May 1966.  Mitt Romney is just finishing his first—and only—year at Stanford.  I’m a 32-year-old ex-Strategic Air Command navigator and intelligence officer, now an associate professor in Stanford’s English Department and something of an anti-Vietnam War activist.

About a quarter of a million young American men are already being abducted each year to fight the rapidly-escalating Vietnam War.  Many college students, however, are protected by their 2S student deferments, which blatantly discriminate against all those millions of other young men unable to afford college.  As if this privileging of the relatively privileged were not sufficient, an outcry about “inequity” arises from administrations of some elite universities.  Since the 2S deferment is contingent on relatively high class rank (meaning, of course, academic class rank), they argue that this unfairly discriminates against some of the “best” students, i. e., all those attending schools like Stanford.  A man in the bottom quarter at an elite university might end up being drafted, even though he might be more “intelligent” than a man in the top quarter of some state college.

To address such claims of injustice, the Selective Service was rolling out that month the College Qualification Test, a.k.a. the Selective Service Examination, an “objective” assessment of each test taker’s verbal and mathematical skills, to be used by local draft boards, together with college grades and class rank, to determine who was entitled to that precious 2S deferment and who should be shipped off to Vietnam.   But this deferment test actually spotlighted the true inequities of the draft.  It also offered an opportunity for direct action against the war itself, right on the college campus.
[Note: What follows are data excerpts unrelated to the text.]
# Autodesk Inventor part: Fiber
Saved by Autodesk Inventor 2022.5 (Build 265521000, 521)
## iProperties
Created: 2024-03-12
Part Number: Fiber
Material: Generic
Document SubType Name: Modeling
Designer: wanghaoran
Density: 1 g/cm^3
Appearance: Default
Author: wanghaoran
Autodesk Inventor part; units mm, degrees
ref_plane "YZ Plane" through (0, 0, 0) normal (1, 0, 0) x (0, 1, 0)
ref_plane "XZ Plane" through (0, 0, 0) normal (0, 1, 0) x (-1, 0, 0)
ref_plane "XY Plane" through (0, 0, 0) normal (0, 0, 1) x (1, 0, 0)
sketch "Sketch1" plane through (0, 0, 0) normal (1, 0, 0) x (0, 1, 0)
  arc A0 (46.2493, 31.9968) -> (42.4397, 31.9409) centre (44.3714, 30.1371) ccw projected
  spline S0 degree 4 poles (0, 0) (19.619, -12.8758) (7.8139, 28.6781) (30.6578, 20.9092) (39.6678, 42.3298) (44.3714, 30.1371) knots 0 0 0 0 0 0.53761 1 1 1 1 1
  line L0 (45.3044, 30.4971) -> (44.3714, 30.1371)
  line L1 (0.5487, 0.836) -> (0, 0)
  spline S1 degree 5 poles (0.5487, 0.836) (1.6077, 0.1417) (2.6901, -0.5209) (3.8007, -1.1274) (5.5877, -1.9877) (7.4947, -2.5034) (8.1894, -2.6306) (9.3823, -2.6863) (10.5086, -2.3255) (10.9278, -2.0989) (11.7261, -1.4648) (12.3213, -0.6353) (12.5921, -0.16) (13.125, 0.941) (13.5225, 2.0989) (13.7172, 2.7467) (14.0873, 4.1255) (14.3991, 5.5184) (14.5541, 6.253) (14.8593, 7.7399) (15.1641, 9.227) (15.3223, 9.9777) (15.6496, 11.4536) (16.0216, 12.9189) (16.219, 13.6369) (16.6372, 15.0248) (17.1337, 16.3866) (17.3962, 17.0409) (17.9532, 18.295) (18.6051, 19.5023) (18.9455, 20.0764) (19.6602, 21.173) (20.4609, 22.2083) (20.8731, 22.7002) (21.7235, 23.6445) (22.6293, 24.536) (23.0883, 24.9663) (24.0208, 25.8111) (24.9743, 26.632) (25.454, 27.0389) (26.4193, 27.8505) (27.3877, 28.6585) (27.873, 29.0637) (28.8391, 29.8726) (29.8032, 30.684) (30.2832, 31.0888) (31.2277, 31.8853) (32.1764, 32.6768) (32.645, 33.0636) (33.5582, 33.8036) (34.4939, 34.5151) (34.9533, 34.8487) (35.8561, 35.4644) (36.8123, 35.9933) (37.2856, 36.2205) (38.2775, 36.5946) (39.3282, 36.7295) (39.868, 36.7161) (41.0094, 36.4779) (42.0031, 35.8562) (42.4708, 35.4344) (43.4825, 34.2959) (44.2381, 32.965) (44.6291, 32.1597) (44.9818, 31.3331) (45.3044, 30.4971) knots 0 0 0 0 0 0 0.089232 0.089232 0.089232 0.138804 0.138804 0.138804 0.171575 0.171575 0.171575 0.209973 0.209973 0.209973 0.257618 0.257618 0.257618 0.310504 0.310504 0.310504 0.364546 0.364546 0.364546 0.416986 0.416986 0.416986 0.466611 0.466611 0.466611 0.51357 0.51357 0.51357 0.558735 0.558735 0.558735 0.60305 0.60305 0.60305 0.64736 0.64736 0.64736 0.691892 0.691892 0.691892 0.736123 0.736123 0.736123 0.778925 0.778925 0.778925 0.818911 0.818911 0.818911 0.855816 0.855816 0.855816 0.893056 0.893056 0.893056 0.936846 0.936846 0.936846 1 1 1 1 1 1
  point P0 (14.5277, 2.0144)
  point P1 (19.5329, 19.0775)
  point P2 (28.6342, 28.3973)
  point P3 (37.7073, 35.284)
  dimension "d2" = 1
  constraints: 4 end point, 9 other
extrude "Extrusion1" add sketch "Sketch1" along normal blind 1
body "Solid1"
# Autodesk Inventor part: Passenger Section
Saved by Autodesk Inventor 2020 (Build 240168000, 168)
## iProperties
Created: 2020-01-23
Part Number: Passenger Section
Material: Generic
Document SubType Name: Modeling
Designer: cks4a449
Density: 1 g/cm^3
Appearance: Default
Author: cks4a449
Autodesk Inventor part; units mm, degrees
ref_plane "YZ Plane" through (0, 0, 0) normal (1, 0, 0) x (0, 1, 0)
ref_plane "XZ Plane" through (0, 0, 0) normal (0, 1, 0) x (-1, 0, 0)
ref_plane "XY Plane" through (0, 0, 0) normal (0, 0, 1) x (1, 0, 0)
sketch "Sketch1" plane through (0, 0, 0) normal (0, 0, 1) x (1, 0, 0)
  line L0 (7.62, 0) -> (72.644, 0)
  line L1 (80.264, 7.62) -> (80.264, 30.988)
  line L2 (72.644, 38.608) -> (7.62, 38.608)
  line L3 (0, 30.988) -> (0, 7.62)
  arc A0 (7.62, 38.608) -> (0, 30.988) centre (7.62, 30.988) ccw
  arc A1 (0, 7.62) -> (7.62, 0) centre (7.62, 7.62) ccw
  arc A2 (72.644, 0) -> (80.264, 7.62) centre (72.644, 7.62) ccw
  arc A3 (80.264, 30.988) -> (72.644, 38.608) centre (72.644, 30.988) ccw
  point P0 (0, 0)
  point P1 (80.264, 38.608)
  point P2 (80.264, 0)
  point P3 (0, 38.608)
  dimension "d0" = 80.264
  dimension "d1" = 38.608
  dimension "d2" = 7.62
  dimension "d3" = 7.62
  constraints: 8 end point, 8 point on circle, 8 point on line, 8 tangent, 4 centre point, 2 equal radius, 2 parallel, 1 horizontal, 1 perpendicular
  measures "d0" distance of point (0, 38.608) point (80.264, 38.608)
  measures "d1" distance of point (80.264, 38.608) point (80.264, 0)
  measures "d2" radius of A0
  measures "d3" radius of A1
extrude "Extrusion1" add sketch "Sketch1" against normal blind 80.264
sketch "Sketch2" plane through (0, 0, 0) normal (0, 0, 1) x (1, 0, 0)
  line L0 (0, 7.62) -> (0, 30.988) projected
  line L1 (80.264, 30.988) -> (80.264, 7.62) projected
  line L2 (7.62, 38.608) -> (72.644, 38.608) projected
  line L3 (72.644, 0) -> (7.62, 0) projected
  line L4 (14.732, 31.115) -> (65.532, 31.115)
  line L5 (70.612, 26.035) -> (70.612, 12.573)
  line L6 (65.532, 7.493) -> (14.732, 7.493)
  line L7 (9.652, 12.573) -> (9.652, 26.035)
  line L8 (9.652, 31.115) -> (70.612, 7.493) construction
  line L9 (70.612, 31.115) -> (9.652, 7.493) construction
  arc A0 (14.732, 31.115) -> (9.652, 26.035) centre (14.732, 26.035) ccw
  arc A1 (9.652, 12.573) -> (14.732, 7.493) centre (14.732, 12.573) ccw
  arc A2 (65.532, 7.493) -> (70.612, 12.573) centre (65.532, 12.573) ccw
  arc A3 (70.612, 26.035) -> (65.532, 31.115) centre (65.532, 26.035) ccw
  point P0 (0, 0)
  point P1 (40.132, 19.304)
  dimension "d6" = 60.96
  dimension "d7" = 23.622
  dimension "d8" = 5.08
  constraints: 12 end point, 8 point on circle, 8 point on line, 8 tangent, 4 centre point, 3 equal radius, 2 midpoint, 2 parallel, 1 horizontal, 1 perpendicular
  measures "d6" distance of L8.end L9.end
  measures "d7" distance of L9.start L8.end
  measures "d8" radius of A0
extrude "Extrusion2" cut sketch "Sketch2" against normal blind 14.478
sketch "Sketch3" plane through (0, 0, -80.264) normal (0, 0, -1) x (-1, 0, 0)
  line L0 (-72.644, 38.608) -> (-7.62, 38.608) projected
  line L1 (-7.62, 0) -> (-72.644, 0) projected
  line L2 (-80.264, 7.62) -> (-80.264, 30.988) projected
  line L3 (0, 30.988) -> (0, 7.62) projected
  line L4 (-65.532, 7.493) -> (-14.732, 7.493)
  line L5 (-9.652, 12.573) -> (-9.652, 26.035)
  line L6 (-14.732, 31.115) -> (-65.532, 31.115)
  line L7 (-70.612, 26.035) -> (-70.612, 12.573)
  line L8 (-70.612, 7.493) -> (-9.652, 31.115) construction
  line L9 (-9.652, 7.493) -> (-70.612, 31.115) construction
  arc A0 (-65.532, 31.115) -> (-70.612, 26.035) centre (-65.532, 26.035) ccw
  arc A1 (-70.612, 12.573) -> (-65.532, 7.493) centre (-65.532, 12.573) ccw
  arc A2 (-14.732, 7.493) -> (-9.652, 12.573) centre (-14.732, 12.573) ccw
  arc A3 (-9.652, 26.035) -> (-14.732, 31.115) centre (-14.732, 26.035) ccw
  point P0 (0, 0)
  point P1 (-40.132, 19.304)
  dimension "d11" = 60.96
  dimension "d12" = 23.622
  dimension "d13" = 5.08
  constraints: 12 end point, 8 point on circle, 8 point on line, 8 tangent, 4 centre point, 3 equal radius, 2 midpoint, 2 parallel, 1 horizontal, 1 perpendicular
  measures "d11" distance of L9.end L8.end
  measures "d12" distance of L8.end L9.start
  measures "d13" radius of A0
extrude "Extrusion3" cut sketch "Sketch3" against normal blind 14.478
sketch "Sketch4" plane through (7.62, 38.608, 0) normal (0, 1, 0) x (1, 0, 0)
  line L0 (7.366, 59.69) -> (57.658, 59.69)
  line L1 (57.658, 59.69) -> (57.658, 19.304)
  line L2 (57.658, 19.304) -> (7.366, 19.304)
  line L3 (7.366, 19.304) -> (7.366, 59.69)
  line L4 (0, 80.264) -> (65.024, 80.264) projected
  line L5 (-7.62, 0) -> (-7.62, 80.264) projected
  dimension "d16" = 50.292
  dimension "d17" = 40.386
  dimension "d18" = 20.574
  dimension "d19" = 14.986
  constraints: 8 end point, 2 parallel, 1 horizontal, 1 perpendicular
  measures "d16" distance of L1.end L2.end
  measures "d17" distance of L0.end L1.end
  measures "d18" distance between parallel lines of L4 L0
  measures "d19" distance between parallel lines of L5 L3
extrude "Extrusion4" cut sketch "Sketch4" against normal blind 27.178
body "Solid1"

One of the many myths that have buried the true history of the Vietnam War is that the anti-war movement was motivated by selfish desire, especially among college students, to avoid the draft (a view that conveniently ignores the movement’s throngs of female participants, whose gender automatically exempted them from the draft).  Quite to the contrary, students demonstrating against the draft deferment tests were specifically undermining and targeting their own privileges and exemptions, which, as they passionately argued, came at the expense of poor and working class people.  At Stanford, a number of people actually disrupted the test.  The young men involved thus proved that their goal was not to avoid the draft but to end it, since they had been explicitly warned that their actions would jeopardize their own deferments.  When students filed in to take the Selective Service test, other demonstrators handed them the SDS “alternative test” on the history of U.S.-Vietnam relations.  About ninety students organized a sit-in in the President’s office.  In a manifesto issued from the sit-in they denounced their own privileged status: “We oppose the administration of the Selective Service Examination . . . because it discriminates against those who by virtue of economic deprivation are at a severe disadvantage in taking such a test. . . . [The] less privileged, Negroes, Spanish-Americans, and poor whites, must fight a war in the name of principles such as freedom and equality of opportunity which their own nation has denied them.”  “Conscription,” they declared, has throughout American history “invariably been biased in favor of the wealthy and privileged.”

Enter young Mitt Romney, right on cue, waving a sign denouncing the anti-war students.   He, like his fellow almost all-male participants in this pro-war demonstration, fervently argued in support of the war and the draft.  But not, of course, for himself.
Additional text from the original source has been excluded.